读者文摘:我的感谢之年(2)(在线收听

While writing the notes, I eventually realized why this task was the perfect antidote to my social feeds.

我在写感谢信时,终于意识到为什么这个任务是我浏览社交信息的完美解毒剂。

What was I actually doing when I scrolled through Facebook?

当我浏览脸书时,我到底在做什么?

Too often, I was spiraling into rage.

我大多数时候都是越来越愤怒。

Writing thank-you notes was time spent on something purely positive.

而写感谢信是把时间花在一些积极的事情上。

What was I doing when I scrolled through Instagram?

浏览Instagram时,我在做什么?

More often than not, I was admiring other people's lives—their beach vacations, their chubby babies, their organized kitchens.

我常常欣赏别人的生活,他们在海滩度假他们胖乎乎的孩子,他们井井有条的厨房。

Writing thank-you notes was an act of noticing and honoring my own life.

写感谢信是一种关注并尊重自己生活的行为。

After handing the first batch of notes to my neighbors, I spent a few days trying to remember times when other neighbors did something nice for me.

在把第一批感谢信交给邻居后,我花了几天时间试图回忆其他邻居为我做的好事。

And funny enough, I started noticing kindnesses that were happening in real time.

有趣的是,我开始注意到实时发生的友好举动。

There was the driver who waited for me as I bolted down the street to catch his shuttle bus.

我沿街狂奔赶班车时,司机会等一下我。

There was the cashier at Trader Joe's who chased me with a bag of groceries I'd left behind.

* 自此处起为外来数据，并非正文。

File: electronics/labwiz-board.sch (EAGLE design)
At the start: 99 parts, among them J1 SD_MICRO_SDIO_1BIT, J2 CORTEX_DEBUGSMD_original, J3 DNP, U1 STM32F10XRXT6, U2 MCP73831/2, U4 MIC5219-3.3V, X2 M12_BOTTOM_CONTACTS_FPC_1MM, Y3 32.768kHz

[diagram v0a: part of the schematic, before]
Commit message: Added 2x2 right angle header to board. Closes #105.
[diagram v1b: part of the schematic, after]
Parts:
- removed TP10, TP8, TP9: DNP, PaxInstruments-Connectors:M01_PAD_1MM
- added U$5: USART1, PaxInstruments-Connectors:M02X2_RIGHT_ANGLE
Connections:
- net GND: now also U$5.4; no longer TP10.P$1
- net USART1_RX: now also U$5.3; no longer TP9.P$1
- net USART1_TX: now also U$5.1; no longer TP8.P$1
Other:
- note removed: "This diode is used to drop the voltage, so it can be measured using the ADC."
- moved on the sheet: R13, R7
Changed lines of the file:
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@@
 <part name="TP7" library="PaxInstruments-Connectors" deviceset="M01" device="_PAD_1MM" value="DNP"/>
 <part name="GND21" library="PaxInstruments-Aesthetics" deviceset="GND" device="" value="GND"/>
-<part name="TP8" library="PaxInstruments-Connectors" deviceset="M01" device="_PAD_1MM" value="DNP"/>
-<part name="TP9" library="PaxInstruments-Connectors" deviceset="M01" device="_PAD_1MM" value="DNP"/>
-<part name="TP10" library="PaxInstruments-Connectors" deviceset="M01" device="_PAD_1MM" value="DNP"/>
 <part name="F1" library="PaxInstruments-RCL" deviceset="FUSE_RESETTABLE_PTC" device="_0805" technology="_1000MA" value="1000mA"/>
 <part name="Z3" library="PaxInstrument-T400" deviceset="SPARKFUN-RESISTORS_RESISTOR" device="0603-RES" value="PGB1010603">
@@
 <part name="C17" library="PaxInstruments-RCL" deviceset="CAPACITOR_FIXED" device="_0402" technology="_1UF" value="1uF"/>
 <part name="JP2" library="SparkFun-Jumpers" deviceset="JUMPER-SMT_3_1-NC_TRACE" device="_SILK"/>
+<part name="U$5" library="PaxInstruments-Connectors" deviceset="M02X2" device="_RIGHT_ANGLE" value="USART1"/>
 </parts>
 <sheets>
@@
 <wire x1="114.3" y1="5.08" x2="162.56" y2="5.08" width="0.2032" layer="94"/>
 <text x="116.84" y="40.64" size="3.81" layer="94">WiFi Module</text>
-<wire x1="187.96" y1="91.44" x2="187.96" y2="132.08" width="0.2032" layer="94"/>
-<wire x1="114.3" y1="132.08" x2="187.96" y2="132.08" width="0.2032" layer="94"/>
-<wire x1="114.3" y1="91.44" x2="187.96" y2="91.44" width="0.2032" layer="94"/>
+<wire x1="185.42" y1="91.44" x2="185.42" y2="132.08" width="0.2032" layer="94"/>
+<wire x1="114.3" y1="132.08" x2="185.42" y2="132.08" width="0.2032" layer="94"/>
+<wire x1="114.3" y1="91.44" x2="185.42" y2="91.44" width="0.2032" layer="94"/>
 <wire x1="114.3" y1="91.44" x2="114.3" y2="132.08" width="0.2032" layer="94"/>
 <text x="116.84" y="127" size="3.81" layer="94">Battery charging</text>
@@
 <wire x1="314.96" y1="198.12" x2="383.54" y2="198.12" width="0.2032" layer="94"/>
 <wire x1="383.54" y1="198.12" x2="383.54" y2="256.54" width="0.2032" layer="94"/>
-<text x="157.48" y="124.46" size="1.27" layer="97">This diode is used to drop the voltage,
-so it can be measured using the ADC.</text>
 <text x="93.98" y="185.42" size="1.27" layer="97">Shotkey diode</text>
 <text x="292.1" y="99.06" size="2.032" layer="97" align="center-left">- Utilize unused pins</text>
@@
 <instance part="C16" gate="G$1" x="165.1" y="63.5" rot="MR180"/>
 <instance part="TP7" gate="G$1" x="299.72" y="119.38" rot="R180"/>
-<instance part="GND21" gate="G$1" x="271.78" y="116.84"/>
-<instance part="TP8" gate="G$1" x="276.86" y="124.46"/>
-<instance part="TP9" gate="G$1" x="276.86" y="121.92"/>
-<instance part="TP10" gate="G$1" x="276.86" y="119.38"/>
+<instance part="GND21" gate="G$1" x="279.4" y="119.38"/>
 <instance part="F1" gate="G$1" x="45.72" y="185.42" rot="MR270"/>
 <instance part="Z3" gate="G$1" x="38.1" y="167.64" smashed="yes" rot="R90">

乔氏超市的收银员会追赶我,把我忘拿的一袋食品交还给我。

On the day I delivered that card to Trader Joe's, my mother-in-law, Louise, dropped off a week's worth of dinners.

在我把这张感谢卡交到乔氏超市的当天,我的岳母路易丝带来了一周的晚餐。

OK, I thought, Louise is not technically a neighbor.

我想,好吧,露易丝严格上来说不是邻居。

But if I was going to thank grocer Pete for three minutes of his time, I needed to acknowledge Louise for hours of hers.

但是,如果我要感谢食品杂货商皮特帮我的三分钟,我就要感谢露易丝花费了长达数小时的时间。

It was important for these months to be flexible, I decided.

我决定,这几个月保持灵活性很重要。

I would use each month's theme as a starting point,

我会把每个月的主题作为一个起点,

but I'd also watch for anyone going above and beyond, regardless of whether he or she fit into the monthly theme.

但我也会关注任何超出主题范围的人,不管他或她是否适合当月的主题。

So in the ensuing months, as I wrote to friends, doctors, career mentors, and parenting role models,

所以,在接下来的几个月里,当我写信给朋友、医生、职业导师和为人父母的榜样时,

I also dashed off missives to my husband, Jake, as well as my siblings, in-laws, and parents.

我也给丈夫杰克,以及兄弟姐妹、姻亲和父母发信。

And I found that doing so changed the fundamental dynamics of these relationships in small but impactful ways.

我发现这样做改变了这些关系中的基本动力,虽然改变很微小,但却很有影响力。

I was smoothing out any prickly bumps and buffing them to a new shine.

我正在解决与他们之间存在的问题,让关系焕然一新。

It is a powerful thing, I learned, to fully appreciate and feel fully appreciated by the people closest to you.

我意识到,去感激与你最亲近的人,并感受到那种感激之情是一件极具影响力的事。